FTA Negotiations in Focus
Both Sihasak and Ambassador Ragher pointed to an ongoing EU-Thailand Free Trade Agreement as a key vehicle for unlocking the relationship's potential.
Sihasak also raised the idea — discussed at the Brunei ministerial — of an ASEAN-wide FTA with the EU, arguing that a bloc-to-bloc agreement should be pursued as swiftly as possible.
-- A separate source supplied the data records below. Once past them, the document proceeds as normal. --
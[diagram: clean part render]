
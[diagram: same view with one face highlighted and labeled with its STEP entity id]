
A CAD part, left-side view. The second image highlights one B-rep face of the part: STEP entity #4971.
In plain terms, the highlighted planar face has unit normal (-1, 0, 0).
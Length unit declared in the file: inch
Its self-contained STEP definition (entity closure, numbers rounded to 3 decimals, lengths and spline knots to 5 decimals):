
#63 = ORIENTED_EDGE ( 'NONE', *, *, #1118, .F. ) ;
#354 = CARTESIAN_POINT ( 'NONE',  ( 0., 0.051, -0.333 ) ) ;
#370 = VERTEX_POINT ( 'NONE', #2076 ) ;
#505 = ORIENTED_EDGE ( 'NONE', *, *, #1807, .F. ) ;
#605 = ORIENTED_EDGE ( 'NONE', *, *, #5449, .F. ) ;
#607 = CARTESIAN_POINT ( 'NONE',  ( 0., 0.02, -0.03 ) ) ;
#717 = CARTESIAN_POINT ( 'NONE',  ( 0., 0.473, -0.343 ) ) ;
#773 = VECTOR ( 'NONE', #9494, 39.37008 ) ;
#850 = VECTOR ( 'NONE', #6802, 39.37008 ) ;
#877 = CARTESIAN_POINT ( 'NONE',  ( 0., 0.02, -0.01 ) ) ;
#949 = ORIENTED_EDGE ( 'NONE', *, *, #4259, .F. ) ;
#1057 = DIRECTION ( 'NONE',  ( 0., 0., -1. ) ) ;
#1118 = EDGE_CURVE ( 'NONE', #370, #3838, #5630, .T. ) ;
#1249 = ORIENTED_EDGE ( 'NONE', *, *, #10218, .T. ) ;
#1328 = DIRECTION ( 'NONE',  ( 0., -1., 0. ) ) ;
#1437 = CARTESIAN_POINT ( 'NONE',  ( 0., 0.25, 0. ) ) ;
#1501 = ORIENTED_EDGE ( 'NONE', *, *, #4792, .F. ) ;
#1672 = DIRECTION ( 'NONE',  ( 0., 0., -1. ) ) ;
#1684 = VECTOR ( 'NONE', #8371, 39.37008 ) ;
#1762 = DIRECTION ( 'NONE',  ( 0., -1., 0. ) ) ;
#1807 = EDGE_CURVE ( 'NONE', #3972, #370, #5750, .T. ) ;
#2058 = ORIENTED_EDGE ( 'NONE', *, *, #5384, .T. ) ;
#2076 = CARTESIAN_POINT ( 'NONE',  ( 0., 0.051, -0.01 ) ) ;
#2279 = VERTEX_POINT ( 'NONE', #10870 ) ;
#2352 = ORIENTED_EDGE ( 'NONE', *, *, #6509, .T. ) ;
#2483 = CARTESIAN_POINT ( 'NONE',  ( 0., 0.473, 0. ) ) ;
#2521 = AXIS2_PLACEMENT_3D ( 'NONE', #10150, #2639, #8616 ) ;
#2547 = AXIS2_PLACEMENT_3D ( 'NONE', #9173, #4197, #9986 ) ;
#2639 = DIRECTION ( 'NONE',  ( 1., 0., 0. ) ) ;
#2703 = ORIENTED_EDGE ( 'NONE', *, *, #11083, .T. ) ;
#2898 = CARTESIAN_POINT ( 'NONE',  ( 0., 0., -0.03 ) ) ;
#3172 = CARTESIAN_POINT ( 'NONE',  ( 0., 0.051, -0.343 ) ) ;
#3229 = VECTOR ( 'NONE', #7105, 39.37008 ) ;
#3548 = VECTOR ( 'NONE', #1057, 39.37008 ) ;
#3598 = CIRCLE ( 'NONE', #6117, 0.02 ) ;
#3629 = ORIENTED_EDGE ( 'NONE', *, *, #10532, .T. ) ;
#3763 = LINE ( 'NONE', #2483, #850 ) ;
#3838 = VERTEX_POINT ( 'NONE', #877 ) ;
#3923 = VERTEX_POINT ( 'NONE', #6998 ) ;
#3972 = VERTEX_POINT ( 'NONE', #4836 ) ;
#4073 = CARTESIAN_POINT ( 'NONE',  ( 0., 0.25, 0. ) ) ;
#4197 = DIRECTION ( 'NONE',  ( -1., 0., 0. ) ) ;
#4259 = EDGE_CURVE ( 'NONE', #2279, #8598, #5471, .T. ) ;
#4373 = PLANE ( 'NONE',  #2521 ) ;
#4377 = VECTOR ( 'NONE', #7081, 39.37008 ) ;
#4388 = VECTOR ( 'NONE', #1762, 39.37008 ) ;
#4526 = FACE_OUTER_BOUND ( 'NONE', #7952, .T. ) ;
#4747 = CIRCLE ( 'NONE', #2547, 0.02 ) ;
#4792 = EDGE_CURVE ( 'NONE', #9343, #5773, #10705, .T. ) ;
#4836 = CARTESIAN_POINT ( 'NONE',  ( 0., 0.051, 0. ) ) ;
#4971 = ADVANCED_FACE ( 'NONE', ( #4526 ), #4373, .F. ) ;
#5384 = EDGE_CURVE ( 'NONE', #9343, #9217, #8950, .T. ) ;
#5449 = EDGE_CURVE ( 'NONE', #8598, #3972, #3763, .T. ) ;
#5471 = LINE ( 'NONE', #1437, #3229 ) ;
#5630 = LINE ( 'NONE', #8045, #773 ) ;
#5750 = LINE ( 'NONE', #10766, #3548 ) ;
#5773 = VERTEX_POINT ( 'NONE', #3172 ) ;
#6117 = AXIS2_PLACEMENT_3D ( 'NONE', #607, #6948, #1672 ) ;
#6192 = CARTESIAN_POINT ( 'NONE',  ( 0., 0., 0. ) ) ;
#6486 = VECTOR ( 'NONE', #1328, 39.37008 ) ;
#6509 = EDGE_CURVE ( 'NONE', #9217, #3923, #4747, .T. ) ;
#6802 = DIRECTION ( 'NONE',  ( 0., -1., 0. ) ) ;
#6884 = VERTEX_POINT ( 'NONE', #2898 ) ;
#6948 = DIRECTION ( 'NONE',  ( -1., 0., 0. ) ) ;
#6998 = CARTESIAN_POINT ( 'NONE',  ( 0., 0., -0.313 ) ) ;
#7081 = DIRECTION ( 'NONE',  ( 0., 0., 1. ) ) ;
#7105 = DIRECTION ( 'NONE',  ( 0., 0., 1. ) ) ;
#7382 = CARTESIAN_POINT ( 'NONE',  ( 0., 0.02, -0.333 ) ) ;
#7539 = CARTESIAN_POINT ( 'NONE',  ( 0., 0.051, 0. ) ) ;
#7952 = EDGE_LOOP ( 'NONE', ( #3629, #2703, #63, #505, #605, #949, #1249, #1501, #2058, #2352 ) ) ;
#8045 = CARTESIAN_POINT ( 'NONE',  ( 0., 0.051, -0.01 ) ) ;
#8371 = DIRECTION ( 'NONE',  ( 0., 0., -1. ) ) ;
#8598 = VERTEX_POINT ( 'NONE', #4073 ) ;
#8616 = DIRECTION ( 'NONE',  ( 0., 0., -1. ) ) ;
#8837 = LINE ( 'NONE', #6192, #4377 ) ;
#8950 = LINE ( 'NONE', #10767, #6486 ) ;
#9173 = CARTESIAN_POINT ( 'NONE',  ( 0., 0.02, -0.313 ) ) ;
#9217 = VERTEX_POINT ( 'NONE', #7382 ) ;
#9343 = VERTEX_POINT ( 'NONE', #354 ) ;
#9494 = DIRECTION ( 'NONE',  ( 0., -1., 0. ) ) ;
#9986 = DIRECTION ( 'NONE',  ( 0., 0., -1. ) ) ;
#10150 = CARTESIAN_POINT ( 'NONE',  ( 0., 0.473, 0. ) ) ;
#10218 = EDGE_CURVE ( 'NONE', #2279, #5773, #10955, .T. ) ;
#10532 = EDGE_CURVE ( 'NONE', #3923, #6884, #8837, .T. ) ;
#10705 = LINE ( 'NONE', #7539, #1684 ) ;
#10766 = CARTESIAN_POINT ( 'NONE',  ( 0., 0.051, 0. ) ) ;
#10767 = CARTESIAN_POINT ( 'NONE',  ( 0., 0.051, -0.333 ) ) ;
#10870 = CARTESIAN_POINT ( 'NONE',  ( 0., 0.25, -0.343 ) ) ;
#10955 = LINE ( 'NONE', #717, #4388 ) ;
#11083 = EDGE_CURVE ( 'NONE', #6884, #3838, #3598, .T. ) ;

Negotiations between the EU and Thailand have progressed through eight rounds, with the most recent held in Brussels in February 2026.
Ambassador Ragher described the proposed agreement as a "transformational" deal built around three pillars: market access, rules, and sustainability.
She also noted that its requirements aligned neatly with Thailand's own declared ambitions — including OECD accession by 2028 and achieving high-income country status by 2037.
"The same reforms that are necessary in order to reach a free trade agreement with the European Union will also be the reforms that Thailand will need to undergo in order to achieve the targets it has set for itself," she said.
Three Priority Areas
The EU ambassador highlighted supply chain resilience, green transition and digital transformation as the three areas where cooperation could most meaningfully flourish.
On energy, both sides expressed interest in advancing the ASEAN power grid project for clean energy, as well as sustainable aviation fuel development and flood management on Bangkok's Chao Phraya River – all potential candidates for financing under the EU's Global Gateway infrastructure initiative.
Jaffré concluded the evening on a note that cut through the high-level language of partnership. "Trust is not built in speeches," he said. "It is built through action over time."